Looking forward to hearing your take on whatever plan you have to restructure and move forward not only when it comes to smooth operation and development but also growth.
The community is asking itself what state Steemit Inc is in now, how stable are its finances (ie. was the layoff a decision that was made in conjunction with bankruptcy avoidance), and which positions are no longer filled. I can probably guess a few from knowing them but confirmation would be appreciated. The financial and operational health of Steemit Inc is currently vital to the financial and operational health of the Steem ecosystem. I wouldn't want to see investors lost due to uncertainty.
Its been mentioned already by others here but a skills/functions matrix of remaining Steemit Inc capabilities would be appreciated. You know by now how many of us and whom were undertaking marketing-focused initiatives. That's just one observable gap we tried to fill. With the fact that SMTs must be adequately promoted outside the Steem ecosystem to have a chance in hell a reality, the more information we have now the better.
I think you probably see some of us as toxic scum. Qualified that with "I think" since I know you don't like it when I state assumptions. Those same people are investors of money, time, expertise, and development. This feedback isn't malicious. We still have faith in the vision and opportunity or we would've bounced long ago. We'll get shit done, just need to all get on the same page first.
Personally, I would be totally fine if Steemit, Inc. managed to cranked out SMTs and immediately moved on to working on the next hardfork. Let the people who issue the token market their own token.

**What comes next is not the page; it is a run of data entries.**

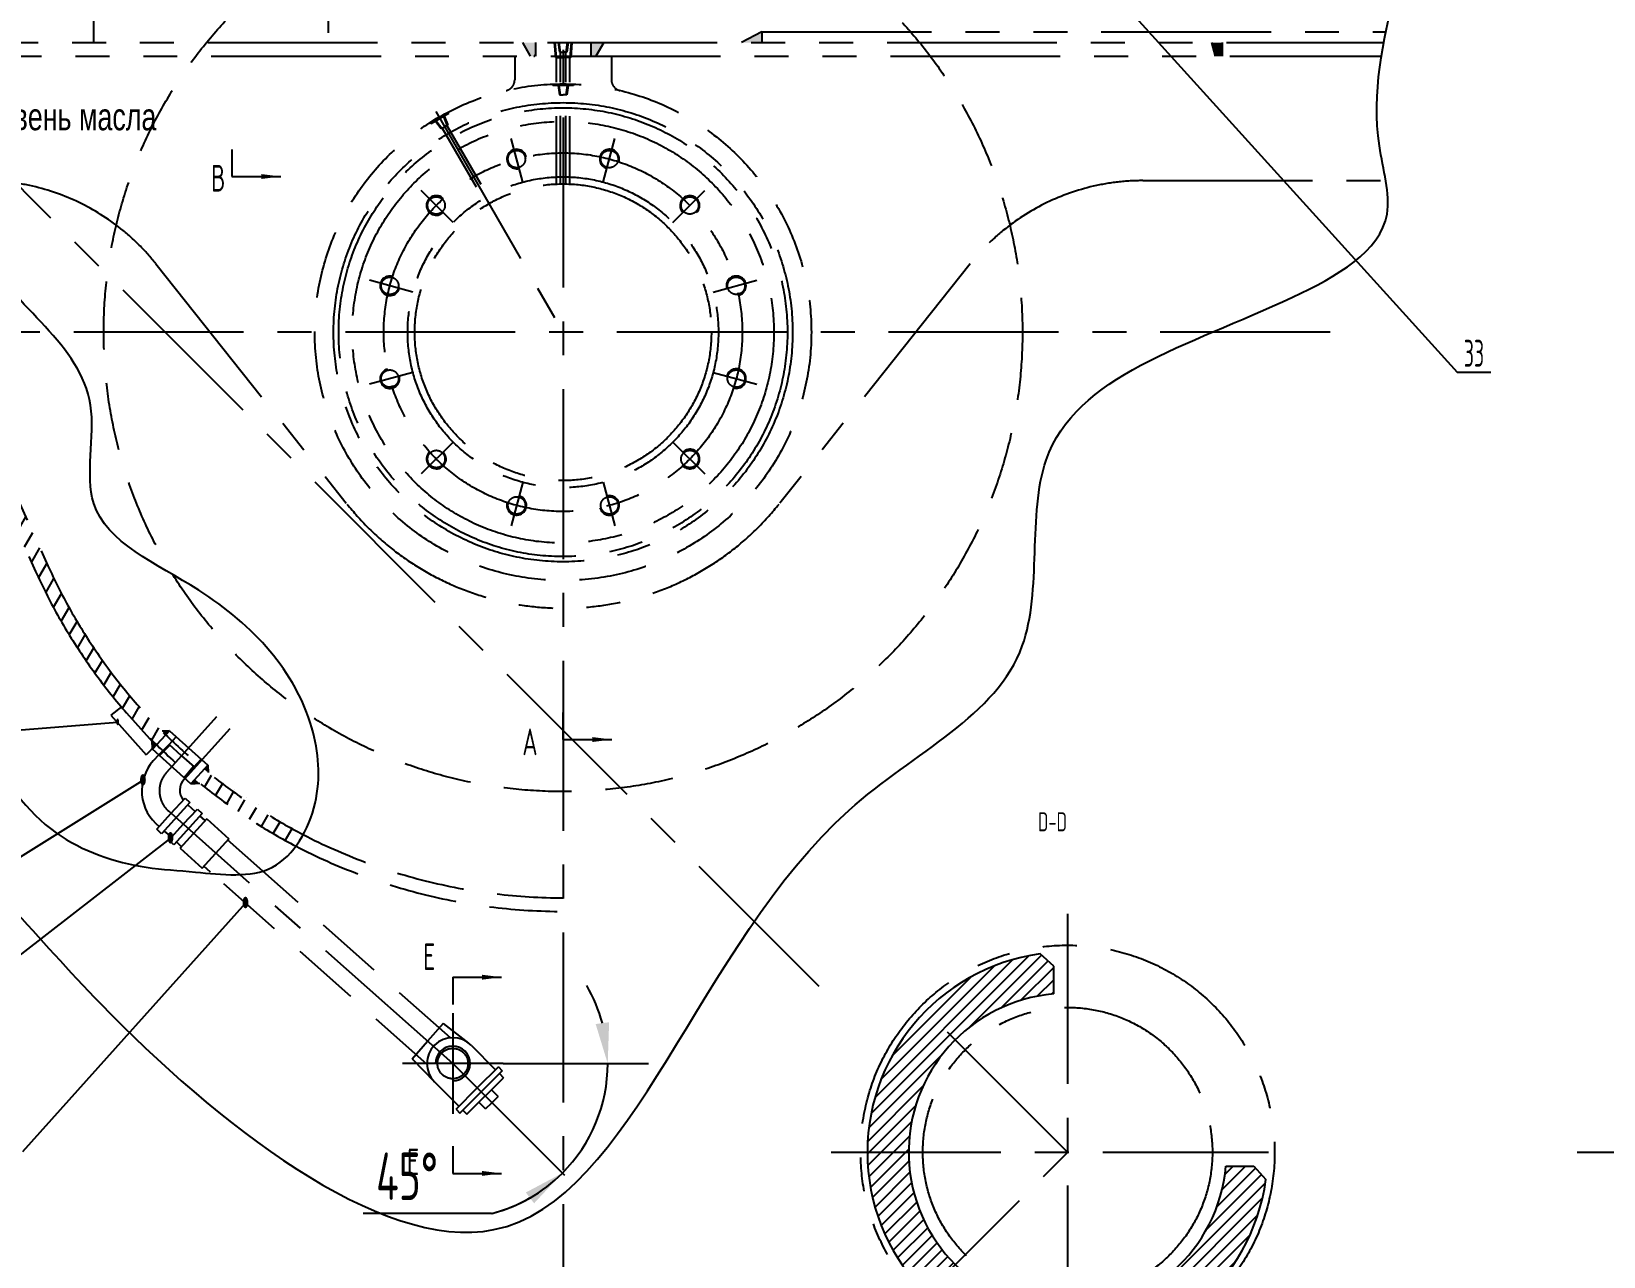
# Model space of a CAD drawing. Header units: millimetres. Extents: x 0 to 10500, y -559 to 7154.
# Drawn here: x 2224 to 5118, y 2718 to 4972 of the extents above; entities that cross this region are included whole.
import ezdxf
from ezdxf.enums import TextEntityAlignment as Align

# ---------------------------------------------------------------- set-up
doc = ezdxf.new("R2010")
doc.units = ezdxf.units.MM
doc.header["$LTSCALE"] = 250
for name, pattern in [('F', [0.75, 0.5, -0.25]), ('G', [2, 1.25, -0.25, 0.25, -0.25]), ('K', [2.5, 1.25, -0.25, 0.25, -0.25, 0.25, -0.25])]:
    doc.linetypes.add(name, pattern=pattern)
for name, color, linetype in [('01', 7, 'Continuous'), ('02', 1, 'Continuous'), ('04', 2, 'F'), ('05', 142, 'G'), ('07', 6, 'K'), ('08', 1, 'Continuous'), ('11', 3, 'Continuous')]:
    doc.layers.add(name, color=color, linetype=linetype)
doc.styles.get("Standard").update_dxf_attribs({"font": 'isocp', "width": 0.707, "bigfont": 'intecad.shx'})
doc.dimstyles.new('INTE$2', dxfattribs={"dimscale": 25, "dimtxt": 3.5, "dimasz": 3, "dimexe": 3, "dimexo": 0, "dimgap": 1, "dimtad": 1, "dimtih": 1, "dimtoh": 1, "dimdec": 1, "dimdsep": 46, "dimtxsty": 'Standard', "dimcen": 0, "dimclrd": 1, "dimclre": 1, "dimclrt": 3, "dimaunit": 1, "dimadec": 0, "dimazin": 0, "dimtfac": 1, "dimtmove": 0, "dimatfit": 0, "dimfxl": 1, "dimarcsym": 0})

# ---------------------------------------------------------------- blocks, each defined once
blk = doc.blocks.new('tt')
at = {"layer": '04', "color": 2, "linetype": 'F', "ltscale": 2}
for p, q in [((9175.4, 16671.8), (9175.4, 16669.2)), ((9213.4, 16671.8), (9213.4, 16669.2))]:
    blk.add_line(p, q, dxfattribs=at)
at = {"layer": '04', "color": 2, "linetype": 'F'}
for p, q in [((9175.4, 16669.2), (9213.4, 16669.2)), ((9185.2, 16669.2), (9187.5, 16651.8)), ((9186.5, 16669.2), (9189, 16651.8)), ((9202.2, 16669.2), (9199.7, 16651.8)), ((9203.5, 16669.2), (9201.2, 16651.8)), ((9187.5, 16651.8), (9194.4, 16651.8)), ((9201.2, 16651.8), (9194.4, 16651.8))]:
    blk.add_line(p, q, dxfattribs=at)
blk = doc.blocks.new('*D8')
at = {"layer": '08', "color": 1, "lineweight": -2}
for p, q in [((3092.4, 3072.8), (3360.1, 3072.8)), ((3071.4, 2796.7), (2835, 2796.7))]:
    blk.add_line(p, q, dxfattribs=at)
for start, end in [(15.1084, 30.2169), (315, 0), (284.5122, 315), (284.7831, 299.8916)]:
    blk.add_arc((2999.9, 3072.8), 285.2, start, end, dxfattribs=at)
at = {"layer": '08', "color": 1}
for points in [[(3287.7, 3148.8), (3262.9, 3145.5), (3285.1, 3072.8)], [(3134.4, 2835.5), (3149.6, 2815.6), (3201.6, 2871.1)]]:
    blk.add_solid(points, dxfattribs=at)
at = {"layer": 'DEFPOINTS', "color": 0}
for p in [(2907.4, 3072.8), (2999.9, 3072.8), (3092.4, 3072.8), (3275.4, 2999), (3205.6, 2867.1)]:
    blk.add_point(p, dxfattribs=at)
at = {"layer": '08', "color": 3, "insert": (2915.7, 2865.4), "char_height": 87.5, "attachment_point": 5}
blk.add_mtext('45°', dxfattribs=at)

msp = doc.modelspace()

# ---------------------------------------------------------------- hatches: boundary and pattern name
at = {"layer": '02', "linetype": 'Continuous'}
h = msp.add_hatch(dxfattribs=at)
h.set_pattern_fill('LINE', color=1, scale=8, angle=60, style=0)
h.set_pattern_definition([(60, (-677.097, 1255.555), (-21.99705, 12.7), [])])
h.paths.add_polyline_path([(2254.82, 3988.88), (2059.83, 4418.83), (2032.38, 4418.83), (2232.05, 3978.56, 0.0920644), (2454.84, 3659.36), (2471.59, 3677.95, -0.0917944)])
edge = h.paths.add_edge_path()
edge.add_line((2542.18, 3614.37), (2525.43, 3595.78))
edge.add_arc((3202.88, 4418.83), 1066, 230.54259, 242.54308)
edge.add_spline(control_points=[(2711.37, 3472.91), (2716.25, 3479.56), (2720.73, 3486.67), (2724.78, 3494.11)], knot_values=[2154.8980715, 2154.8980715, 2154.8980715, 2154.8980715, 2178.9295232, 2178.9295232, 2178.9295232, 2178.9295232], degree=3, periodic=0)
edge.add_arc((3202.88, 4418.83), 1041, 230.60397, 242.6601, ccw=False)
h.paths.add_polyline_path([(1829.41, 4926.93), (1815.38, 4951.83), (1806.08, 4951.83), (1799.38, 4926.83), (1805.88, 4926.83), (1805.88, 4894.85), (1813.31, 4901.9), (2032.38, 4418.83), (2059.83, 4418.83)])
h = msp.add_hatch(dxfattribs=at)
h.set_pattern_fill('LINE', color=1, scale=5, angle=45, style=0)
h.set_pattern_definition([(45, (-215.51, 1936.407), (-11.22532, 11.22532), [])])
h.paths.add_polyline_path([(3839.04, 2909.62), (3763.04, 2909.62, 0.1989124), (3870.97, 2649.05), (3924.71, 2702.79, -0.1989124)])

That could work if the documentation is there. Potential SMT implementors aren't going to read code, they want marketing materials. Especially if they're external to the current steem ecosystem, which most are. The majority of questions I field about SMTs come from people whose knowledge about steem is virtually nonexistent. But they've got teams, projects and will invest and bridge if sold on SMTs.
I see what you mean. But the community can document SMTs. I know this because that used to be my day job, and I have some confidence that I can contribute. We wouldn't want early SMT adopters to have to reverse-engineer the thing if they don't have to.
For example, this is how I would usually go about doing documentation when I worked at Steemit, Inc. But instead of using internal tools, I'm documenting my documentation, so to speak:
https://steemit.com/utopian-io/@inertia/steemit-dev-portal-document-transaction-polling-api
I believe I can do basically the same thing for SMT documentation.